Provided records
*****

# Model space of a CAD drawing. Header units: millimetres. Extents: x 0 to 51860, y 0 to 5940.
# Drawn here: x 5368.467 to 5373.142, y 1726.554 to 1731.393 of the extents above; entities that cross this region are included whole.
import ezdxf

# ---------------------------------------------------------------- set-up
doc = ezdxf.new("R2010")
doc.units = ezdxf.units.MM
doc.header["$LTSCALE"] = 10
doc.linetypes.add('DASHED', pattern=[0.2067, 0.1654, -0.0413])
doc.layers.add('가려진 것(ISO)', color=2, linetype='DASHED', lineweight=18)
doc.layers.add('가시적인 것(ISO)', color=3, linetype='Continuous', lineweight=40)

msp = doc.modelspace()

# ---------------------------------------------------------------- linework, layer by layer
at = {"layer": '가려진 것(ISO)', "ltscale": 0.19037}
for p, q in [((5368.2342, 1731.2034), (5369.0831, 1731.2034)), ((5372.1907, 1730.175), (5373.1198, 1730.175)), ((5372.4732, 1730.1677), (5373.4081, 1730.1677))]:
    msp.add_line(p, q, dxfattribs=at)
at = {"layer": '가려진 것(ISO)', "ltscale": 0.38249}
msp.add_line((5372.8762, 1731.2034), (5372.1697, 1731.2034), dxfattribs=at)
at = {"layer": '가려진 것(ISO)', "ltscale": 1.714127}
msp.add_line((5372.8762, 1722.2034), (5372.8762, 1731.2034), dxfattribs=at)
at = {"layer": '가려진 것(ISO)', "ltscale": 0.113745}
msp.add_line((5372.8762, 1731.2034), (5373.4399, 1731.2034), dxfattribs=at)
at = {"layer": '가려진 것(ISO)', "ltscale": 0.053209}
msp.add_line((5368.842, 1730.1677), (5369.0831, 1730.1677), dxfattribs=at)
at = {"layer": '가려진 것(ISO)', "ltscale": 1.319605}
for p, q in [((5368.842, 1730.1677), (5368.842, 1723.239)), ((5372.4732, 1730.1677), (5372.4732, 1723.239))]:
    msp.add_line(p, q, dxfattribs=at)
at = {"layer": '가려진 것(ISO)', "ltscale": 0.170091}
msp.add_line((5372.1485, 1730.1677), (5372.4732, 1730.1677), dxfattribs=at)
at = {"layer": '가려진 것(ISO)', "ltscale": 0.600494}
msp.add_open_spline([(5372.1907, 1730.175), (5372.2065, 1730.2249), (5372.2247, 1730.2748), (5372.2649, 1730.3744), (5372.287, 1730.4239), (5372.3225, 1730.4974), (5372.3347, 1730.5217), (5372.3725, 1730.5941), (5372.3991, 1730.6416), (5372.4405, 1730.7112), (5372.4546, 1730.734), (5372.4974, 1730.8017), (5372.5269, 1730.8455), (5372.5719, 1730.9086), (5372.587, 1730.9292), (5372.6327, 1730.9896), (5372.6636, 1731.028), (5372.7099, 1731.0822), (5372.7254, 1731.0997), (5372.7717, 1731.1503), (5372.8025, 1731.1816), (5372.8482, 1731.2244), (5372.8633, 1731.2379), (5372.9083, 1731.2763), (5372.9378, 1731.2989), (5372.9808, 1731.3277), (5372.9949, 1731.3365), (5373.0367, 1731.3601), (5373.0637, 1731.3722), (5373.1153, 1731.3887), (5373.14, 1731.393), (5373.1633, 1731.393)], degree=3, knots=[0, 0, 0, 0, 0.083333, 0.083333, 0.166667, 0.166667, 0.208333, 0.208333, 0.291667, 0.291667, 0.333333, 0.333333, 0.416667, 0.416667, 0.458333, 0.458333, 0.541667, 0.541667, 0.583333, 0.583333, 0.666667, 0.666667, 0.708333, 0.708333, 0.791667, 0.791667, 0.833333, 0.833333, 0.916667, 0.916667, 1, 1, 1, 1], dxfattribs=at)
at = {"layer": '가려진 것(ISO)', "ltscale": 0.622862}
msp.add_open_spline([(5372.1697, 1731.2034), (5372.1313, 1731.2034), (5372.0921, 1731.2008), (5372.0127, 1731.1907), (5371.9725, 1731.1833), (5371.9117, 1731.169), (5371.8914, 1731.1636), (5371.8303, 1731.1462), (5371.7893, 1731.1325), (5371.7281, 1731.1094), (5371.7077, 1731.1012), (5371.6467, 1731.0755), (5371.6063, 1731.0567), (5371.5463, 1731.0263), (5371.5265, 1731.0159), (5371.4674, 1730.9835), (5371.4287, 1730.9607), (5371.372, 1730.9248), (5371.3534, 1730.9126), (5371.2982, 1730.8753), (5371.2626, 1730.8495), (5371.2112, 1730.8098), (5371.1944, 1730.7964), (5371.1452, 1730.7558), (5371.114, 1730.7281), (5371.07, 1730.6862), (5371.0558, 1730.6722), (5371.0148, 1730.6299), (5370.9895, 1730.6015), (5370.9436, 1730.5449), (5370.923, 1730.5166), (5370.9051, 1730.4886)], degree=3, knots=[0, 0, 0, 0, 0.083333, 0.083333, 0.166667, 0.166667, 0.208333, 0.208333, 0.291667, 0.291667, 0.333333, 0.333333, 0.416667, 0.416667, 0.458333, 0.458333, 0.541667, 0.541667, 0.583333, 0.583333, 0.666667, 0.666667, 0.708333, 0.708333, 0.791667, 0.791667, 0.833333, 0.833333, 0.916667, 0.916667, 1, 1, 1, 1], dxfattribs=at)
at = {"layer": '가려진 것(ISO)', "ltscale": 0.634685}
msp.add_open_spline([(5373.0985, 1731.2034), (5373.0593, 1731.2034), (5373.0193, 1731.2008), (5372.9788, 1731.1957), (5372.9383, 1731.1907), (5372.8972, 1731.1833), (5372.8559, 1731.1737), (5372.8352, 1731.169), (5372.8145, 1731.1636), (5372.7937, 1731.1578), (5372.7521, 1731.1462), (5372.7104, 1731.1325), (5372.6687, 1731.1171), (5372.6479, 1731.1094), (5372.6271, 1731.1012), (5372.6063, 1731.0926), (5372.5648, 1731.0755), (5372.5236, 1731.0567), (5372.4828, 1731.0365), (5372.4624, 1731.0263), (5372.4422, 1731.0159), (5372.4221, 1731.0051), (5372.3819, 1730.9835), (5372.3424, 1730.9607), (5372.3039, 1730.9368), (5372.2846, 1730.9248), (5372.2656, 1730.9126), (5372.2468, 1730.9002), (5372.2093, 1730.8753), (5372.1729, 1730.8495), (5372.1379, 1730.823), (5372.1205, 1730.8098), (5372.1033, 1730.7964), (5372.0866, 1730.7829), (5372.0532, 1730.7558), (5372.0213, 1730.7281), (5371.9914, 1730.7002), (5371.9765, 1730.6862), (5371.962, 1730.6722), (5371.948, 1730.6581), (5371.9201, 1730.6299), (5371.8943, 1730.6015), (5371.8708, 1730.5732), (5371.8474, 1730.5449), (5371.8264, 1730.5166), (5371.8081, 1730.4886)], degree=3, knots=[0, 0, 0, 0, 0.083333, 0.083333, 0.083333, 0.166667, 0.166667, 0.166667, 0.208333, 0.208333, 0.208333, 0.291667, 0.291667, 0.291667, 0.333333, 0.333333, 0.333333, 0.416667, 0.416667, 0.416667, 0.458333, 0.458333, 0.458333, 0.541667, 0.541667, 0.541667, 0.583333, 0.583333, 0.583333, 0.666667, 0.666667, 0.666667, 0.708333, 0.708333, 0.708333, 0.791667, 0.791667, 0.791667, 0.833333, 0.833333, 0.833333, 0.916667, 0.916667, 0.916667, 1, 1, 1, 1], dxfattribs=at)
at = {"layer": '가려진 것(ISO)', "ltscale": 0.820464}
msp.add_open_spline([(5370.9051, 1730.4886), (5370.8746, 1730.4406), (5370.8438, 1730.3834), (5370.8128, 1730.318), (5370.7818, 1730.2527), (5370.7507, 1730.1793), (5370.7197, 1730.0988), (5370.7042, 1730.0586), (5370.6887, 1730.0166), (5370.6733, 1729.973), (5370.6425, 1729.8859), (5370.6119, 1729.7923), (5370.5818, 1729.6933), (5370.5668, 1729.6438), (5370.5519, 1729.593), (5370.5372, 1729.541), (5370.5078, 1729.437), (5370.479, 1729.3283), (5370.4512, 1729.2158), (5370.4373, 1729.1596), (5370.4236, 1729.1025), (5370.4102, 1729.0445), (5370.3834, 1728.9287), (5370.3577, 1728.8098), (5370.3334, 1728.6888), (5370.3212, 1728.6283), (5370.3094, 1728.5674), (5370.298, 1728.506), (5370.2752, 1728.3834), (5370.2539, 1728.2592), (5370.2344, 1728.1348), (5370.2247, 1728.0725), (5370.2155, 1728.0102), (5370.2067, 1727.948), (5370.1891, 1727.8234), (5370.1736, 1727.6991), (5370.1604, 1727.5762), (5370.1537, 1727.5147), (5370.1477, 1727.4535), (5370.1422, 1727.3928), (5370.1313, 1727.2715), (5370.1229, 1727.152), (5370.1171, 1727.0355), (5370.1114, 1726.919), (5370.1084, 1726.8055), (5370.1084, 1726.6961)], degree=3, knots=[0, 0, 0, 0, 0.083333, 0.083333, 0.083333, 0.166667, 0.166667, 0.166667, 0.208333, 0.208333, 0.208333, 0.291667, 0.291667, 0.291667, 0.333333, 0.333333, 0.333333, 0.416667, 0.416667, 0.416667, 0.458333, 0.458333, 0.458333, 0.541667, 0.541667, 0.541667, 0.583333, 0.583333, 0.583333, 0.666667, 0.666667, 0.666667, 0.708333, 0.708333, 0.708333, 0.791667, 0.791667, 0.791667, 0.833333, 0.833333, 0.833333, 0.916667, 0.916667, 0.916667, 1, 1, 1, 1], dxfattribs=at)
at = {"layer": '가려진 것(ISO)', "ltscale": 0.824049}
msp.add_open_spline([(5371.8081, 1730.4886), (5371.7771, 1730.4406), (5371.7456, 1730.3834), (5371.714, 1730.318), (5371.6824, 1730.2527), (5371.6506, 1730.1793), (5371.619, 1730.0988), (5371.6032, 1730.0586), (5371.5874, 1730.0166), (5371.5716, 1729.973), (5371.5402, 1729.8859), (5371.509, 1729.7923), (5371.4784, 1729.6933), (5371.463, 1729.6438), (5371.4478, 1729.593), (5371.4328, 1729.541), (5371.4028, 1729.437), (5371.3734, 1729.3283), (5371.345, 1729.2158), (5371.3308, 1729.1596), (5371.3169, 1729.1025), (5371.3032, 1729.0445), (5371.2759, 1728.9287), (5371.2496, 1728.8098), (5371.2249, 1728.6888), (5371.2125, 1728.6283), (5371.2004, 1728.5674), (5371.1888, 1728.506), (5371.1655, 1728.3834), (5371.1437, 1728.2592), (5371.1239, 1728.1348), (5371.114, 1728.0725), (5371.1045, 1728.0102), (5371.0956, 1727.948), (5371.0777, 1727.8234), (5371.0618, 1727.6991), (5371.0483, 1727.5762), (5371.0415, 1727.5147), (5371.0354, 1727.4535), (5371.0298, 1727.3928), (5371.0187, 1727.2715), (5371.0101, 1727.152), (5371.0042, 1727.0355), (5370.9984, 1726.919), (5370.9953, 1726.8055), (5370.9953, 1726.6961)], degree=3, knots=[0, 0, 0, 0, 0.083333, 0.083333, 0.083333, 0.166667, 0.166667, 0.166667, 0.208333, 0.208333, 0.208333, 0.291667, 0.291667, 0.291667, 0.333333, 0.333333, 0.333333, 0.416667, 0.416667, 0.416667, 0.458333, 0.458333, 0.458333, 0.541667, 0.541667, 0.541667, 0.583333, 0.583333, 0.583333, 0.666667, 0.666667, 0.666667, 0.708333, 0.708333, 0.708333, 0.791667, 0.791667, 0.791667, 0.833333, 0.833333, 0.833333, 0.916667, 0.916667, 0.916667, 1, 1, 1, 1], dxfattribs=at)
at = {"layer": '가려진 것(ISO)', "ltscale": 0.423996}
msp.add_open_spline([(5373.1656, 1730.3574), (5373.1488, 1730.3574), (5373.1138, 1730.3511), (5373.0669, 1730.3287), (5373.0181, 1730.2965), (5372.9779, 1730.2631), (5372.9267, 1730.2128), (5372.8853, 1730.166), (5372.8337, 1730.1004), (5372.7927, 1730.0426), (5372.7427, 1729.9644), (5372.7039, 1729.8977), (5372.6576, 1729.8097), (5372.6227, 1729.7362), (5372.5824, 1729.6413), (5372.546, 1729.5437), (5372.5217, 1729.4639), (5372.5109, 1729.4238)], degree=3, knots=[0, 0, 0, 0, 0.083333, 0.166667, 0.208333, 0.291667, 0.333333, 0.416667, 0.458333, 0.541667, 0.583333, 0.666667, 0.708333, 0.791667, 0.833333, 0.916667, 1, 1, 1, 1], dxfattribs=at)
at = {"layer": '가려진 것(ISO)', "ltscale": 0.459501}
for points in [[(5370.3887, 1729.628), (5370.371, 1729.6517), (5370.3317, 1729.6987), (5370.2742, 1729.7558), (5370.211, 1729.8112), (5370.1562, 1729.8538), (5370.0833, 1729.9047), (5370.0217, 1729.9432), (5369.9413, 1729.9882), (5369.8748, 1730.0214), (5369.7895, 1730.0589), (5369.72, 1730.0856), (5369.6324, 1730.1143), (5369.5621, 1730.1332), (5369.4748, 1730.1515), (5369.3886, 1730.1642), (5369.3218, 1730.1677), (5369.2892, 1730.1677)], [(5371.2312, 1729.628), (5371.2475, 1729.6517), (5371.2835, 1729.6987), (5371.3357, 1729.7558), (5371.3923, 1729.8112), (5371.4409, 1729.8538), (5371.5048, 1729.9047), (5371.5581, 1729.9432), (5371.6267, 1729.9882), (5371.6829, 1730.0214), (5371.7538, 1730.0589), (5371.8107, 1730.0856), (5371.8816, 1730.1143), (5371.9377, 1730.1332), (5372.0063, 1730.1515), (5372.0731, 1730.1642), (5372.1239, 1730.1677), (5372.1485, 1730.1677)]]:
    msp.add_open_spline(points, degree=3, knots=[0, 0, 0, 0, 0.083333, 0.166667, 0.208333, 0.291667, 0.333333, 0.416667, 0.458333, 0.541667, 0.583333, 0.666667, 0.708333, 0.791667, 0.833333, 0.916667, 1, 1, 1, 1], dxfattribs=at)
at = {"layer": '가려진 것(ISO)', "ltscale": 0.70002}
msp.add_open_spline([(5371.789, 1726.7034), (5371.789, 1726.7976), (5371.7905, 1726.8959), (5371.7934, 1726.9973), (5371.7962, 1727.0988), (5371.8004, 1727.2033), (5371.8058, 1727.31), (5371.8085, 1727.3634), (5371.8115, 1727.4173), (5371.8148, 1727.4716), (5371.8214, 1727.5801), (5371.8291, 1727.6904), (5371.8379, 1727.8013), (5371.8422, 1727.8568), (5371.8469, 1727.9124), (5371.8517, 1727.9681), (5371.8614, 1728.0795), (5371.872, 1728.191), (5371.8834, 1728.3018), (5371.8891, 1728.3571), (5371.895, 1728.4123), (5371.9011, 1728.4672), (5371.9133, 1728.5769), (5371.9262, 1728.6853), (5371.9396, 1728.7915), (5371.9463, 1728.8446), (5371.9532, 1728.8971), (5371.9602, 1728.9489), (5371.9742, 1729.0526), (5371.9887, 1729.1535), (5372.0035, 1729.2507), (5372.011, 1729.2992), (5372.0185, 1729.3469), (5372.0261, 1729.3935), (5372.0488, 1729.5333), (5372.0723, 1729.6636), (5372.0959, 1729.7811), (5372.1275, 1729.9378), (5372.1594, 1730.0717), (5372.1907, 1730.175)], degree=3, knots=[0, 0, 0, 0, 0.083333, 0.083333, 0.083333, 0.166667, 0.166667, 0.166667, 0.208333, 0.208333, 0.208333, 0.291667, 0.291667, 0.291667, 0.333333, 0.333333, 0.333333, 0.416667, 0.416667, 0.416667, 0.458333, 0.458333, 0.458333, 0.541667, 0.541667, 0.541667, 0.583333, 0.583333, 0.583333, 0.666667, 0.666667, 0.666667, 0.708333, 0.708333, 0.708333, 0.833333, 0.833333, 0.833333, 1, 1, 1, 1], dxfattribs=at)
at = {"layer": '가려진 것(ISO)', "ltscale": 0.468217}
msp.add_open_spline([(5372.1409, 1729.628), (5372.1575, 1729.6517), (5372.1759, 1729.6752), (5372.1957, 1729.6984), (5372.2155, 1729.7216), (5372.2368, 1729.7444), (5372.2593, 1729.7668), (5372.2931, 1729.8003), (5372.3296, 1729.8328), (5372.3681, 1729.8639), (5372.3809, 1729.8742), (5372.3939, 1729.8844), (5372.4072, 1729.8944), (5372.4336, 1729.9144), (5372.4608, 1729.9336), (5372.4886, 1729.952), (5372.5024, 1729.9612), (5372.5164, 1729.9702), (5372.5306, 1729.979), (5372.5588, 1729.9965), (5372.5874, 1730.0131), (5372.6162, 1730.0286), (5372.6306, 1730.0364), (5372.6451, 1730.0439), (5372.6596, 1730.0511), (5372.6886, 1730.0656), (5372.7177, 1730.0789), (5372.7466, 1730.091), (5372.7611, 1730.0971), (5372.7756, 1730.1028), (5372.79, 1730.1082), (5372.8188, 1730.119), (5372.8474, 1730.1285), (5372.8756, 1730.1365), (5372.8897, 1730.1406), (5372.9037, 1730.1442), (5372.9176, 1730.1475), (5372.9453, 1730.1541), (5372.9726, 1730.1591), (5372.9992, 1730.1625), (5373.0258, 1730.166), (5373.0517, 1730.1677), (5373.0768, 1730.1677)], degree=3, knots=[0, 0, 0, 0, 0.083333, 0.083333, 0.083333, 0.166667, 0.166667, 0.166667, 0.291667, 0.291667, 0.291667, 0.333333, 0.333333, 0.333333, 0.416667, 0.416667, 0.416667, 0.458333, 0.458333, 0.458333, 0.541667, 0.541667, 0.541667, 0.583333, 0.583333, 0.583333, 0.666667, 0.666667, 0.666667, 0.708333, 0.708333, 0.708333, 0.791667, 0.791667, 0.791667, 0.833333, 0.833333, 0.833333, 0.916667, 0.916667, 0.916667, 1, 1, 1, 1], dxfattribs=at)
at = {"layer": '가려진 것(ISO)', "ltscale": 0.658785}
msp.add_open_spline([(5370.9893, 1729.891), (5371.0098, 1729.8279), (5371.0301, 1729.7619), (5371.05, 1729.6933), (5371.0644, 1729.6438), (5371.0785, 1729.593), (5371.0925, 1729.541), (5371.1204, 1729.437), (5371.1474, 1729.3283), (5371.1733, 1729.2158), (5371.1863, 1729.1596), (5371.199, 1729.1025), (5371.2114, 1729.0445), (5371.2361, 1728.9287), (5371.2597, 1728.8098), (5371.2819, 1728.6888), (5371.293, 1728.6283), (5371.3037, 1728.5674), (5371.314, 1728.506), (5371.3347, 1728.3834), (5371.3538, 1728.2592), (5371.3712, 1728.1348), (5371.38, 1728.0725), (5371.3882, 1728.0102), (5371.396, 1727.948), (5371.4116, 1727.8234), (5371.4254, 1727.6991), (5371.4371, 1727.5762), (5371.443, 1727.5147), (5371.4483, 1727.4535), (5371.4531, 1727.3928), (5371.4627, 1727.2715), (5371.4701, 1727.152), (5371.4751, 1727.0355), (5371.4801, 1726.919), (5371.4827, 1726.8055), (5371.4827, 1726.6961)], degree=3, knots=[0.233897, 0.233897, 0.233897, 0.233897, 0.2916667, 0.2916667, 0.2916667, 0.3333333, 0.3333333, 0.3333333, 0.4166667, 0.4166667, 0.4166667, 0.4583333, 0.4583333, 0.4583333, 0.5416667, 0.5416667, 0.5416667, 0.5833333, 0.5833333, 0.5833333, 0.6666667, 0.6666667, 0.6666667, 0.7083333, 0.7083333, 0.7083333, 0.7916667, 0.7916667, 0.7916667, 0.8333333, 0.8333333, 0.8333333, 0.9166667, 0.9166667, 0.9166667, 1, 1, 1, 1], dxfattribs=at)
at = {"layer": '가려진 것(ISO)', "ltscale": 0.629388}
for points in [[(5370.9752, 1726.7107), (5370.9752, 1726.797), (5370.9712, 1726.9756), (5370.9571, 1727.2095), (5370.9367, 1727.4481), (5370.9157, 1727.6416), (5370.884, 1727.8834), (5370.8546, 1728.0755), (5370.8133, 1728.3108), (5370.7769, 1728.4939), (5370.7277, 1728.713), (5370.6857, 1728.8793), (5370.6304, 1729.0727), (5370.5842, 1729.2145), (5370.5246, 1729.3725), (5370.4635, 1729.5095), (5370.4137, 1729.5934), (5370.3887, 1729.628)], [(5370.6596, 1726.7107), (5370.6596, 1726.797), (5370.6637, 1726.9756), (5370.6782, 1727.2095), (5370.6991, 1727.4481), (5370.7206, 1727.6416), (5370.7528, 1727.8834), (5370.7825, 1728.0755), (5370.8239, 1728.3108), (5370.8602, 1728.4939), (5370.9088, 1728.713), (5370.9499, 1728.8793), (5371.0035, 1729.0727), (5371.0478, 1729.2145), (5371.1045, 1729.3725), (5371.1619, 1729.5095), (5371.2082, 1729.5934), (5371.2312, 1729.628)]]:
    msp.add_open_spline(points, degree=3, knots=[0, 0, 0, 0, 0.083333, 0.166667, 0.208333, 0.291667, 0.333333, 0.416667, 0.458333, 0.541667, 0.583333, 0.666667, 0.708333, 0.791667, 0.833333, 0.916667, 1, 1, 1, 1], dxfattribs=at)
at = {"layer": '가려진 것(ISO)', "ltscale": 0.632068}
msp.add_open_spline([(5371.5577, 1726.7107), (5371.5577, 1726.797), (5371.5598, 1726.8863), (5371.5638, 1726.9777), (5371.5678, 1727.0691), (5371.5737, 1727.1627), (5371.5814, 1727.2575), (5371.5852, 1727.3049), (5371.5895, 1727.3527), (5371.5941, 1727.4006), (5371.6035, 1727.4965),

*****

Required work
Check each line above for the string "lineweight" and return those that contain it.

Written answer
doc.layers.add('가려진 것(ISO)', color=2, linetype='DASHED', lineweight=18)
doc.layers.add('가시적인 것(ISO)', color=3, linetype='Continuous', lineweight=40)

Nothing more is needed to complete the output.